For the reasons stated above, the Motions for Certification of Class (ECF No. 22), Approval of Settlement (ECF No. 34), and Unopposed Motion for Attorneys’ Fees, Service Awards, and Reimbursement of Expenses (ECF No. 36) are granted. The Court reserves continuing and exclusive jurisdiction over the parties to enforce the terms of the Settlement Agreement and this Order.

IT IS SO ORDERED. 
      
      . The Court adopts the capitalization of terms used in the Stipulation of Settlement and the definitions therein.
     
      
      . Kelly filed an amended complaint on August 17, 2011, adding a single paragraph to the factual allegations section in compliance with the terms of the Stipulation and Agreement.
     
      
      . The Settlement Agreement provides for an additional $300,000 if the claims, fees, costs, and expenses exceed the guaranteed $3,200,000. At the time of the hearing, however, the parties reported that based upon claims received during the claims period, the Settlement Fund contained sufficient funding and the additional contribution would not be required. Pursuant to the Settlement Agreement, any excess over payment of claims, fees and expenses, will be contributed to identified charitable or relief causes.
     
      
      . Specifically, Defendant is prohibited from stating that its Products
      (a) affect the body's energy management system; (b) create a field of energy; (c) stabilize the flow of energy in the body; (d) relax nerve cells; (e) cause the body to reach its maximum potential; (f) cause the body to reach its equilibrium; (g) provide relief from pain; (h) diagnose any disease; (i) treat any disease; or (j) prevent any disease.
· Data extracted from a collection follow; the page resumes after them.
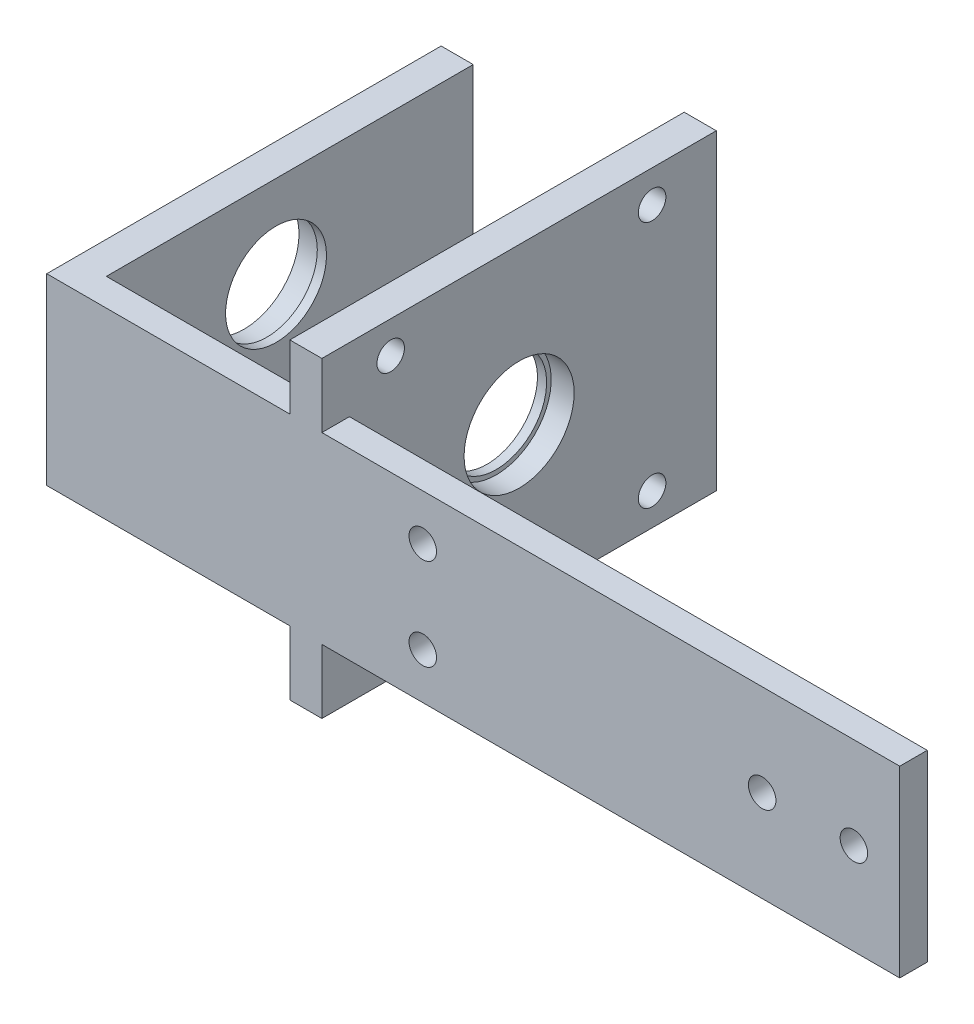
SolidWorks part; units mm, degrees
ref_plane "前视基准面" through (0, 0, 0) normal (0, 0, 1) x (1, 0, 0)
ref_plane "上视基准面" through (0, 0, 0) normal (0, 1, 0) x (1, 0, 0)
ref_plane "右视基准面" through (0, 0, 0) normal (1, 0, 0) x (0, 0, -1)
sketch "草图1" plane through (0, 0, 0) normal (0, 0, 1) x (1, 0, 0)
  line L0 (-10, 9.8542) -> (10, 9.8542)
  line L1 (-10, 9.8542) -> (-10, -10.1458)
  line L2 (10, 9.8542) -> (10, -10.1458)
  line L3 (-10, 9.8542) -> (-53, 9.8542)
  line L4 (-10, -0.1458) -> (10, -0.1458) construction
  line L5 (0, 9.8542) -> (0, -9.8542) construction
  line L6 (-53, -0.1458) -> (-53, 16.8542)
  line L7 (-53, -10.1458) -> (-10, -10.1458)
  line L8 (-53, -0.1458) -> (-53, -17.1458)
  line L9 (-53, -17.1458) -> (-56.5, -17.1458)
  line L10 (-56.5, 16.8542) -> (-56.5, 9.8542)
  line L11 (-53, 16.8542) -> (-56.5, 16.8542)
  line L12 (-56.5, 9.8542) -> (-79.5, 9.8542)
  line L13 (-10, -10.1458) -> (10, -10.1458)
  line L14 (-79.5, -10.1458) -> (-56.5, -10.1458)
  line L15 (-79.5, 9.8542) -> (-79.5, -10.1458)
  line L16 (-79.5, -10.1458) -> (-83, -10.1458)
  line L17 (-83, -10.1458) -> (-83, 9.8542)
  line L18 (-83, 9.8542) -> (-79.5, 9.8542)
  line L19 (-56.5, -10.1458) -> (-56.5, -17.1458)
  line L20 (-56.5, 9.8542) -> (-56.5, -10.1458)
  circle A2 centre (-5, -0.1458) radius 1.5
  circle A3 centre (5, -0.1458) radius 1.5
extrude "凸台-拉伸1" add sketch "草图1" along normal blind 3 contours L6 L8 L7 L1 L3 | L1 L13 L2 L0 | L6 L11 L9 L8 | L12 L14 | L18 L17 L16 region at (0, -0.1458, 0) region at (-31.5, -0.1458, 0) region at (-54.75, -0.1458, 0) region at (-68, -0.1458, 0) region at (-81.25, -0.1458, 0)
extrude "凸台-拉伸2" add sketch "草图1<3>" against normal blind 40 contours L10 L20 L19 L9 L8 L6 L11
sketch "草图1<3>" plane through (0, 0, 0) normal (0, 0, 1) x (1, 0, 0) same geometry as "草图1"
sketch "草图2" plane through (-53, 0, 0) normal (-1, 0, 0) x (0, 0, -1)
  line L0 (-3, 0.1458) -> (40, 0.1458) construction
  line L1 (18.75, 17.1458) -> (18.75, -16.8542) construction
  circle A0 centre (33, -13.3542) radius 1.5
  circle A1 centre (4.5, 13.6458) radius 1.5
  circle A2 centre (33, 13.6458) radius 1.5
  circle A12 centre (4.5, -13.3542) radius 1.5
extrude "切除-拉伸1" cut sketch "草图2" against normal mid plane 20
extrude "凸台-拉伸3" add sketch "草图1<4>" against normal blind 40 contours L18 L17 L16 region at (-81.25, -0.1458, 0)
sketch "草图1<4>" plane through (0, 0, 0) normal (0, 0, 1) x (1, 0, 0) same geometry as "草图1"
sketch "草图3" plane through (-83, 0, 0) normal (-1, 0, 0) x (0, 0, 1)
  circle A0 centre (-18.5, -0.1458) radius 6
extrude "切除-拉伸2" cut sketch "草图3" against normal blind 38 contours A0 region at (-83, -0.1458, -18.5)
sketch "草图4" plane through (-56.5, 0, 0) normal (-1, 0, 0) x (0, 0, 1)
  circle A0 centre (-18.5, -0.1458) radius 6
  circle A1 centre (-18.5, -0.1458) radius 5.5
extrude "凸台-拉伸4" add sketch "草图4" against normal blind 1
ref_plane "基准面1" through (-68, 0, 0) normal (1, 0, 0) x (0, 0, -1)
sketch "草图5" plane through (-79.5, 0, 0) normal (1, 0, 0) x (0, 0, -1)
  circle A0 centre (18.5, -0.1458) radius 6
  circle A1 centre (18.5, -0.1458) radius 5.5
extrude "凸台-拉伸5" add sketch "草图5" against normal blind 1
sketch "草图7" plane through (0, 0, 3) normal (0, 0, 1) x (1, 0, 0)
  line L0 (-49.5, -10.1461) -> (-49.5, 10.8539)
  line L1 (-34.5, -10.1461) -> (-34.5, 10.8539)
  line L2 (-49.5, 10.8539) -> (-34.5, 10.8539)
  line L3 (-49.5, -10.1461) -> (-34.5, -10.1461)
  line L31 (10, -10.1461) -> (10, 9.8539)
  circle A4 centre (-42, -5.1461) radius 1.5
  circle A6 centre (-42, 4.8539) radius 1.5
extrude "切除-拉伸4" cut sketch "草图7" against normal blind 5 contours A6 | A4 region at (-42, -5.1461, 3) region at (-42, 4.8539, 3)

      Pl.'s Memo. Supp. Final Approval Settlement 4, ECF No. 40.
     
      
      . At hearing, counsel for Phiten advised there appear to have been as many as one million products sold.
     
      
      . The Court finds reasonable notice efforts did not require communication through websites and other retailers not controlled by Phiten.
     
      
      . The Court notes there was no claim of personal injury to any purchasers, and some significant number of purchasers did so as sports fans without regard to the representations of health benefits.
     
      
      . While no Class Member opted out of the Settlement Agreement, the record reflects that one Settlement Class Member, Robert Kohlhagen, filed a Motion for Leave to Intervene and Obtain Limited Discovery, which the Court denied initially and upon appeal. Following this denial, Mr. Kohlhagen refrained from appearing at the Final Hearing. Therefore, this Court does not consider Mr. Kohlhagen’s objection, as he failed to comply with the July 11 Order by failing to file a Notice of Intent to Object and further failing to appear at the Final Hearing.
     
      
      . The named Plaintiffs include Sean Kelly from the present litigation and four other plaintiffs from the following similar and related actions filed against Phiten in other jurisdictions'. John C. Barker v. Phiten USA Inc., No. BC457084 (Cal.Sup.Ct.); Rachel Rosen v. Phiten USA Inc., No. BC457153 (Cal.Sup.Ct); Adam Basloe v. Phiten USA, Inc., No. 2:11-cv-02842 (N.D.Cal.); and Sandra M. Klinger v. Phiten USA Inc., No. L-002695-11 (NJ.Super.Ct.Law Div.).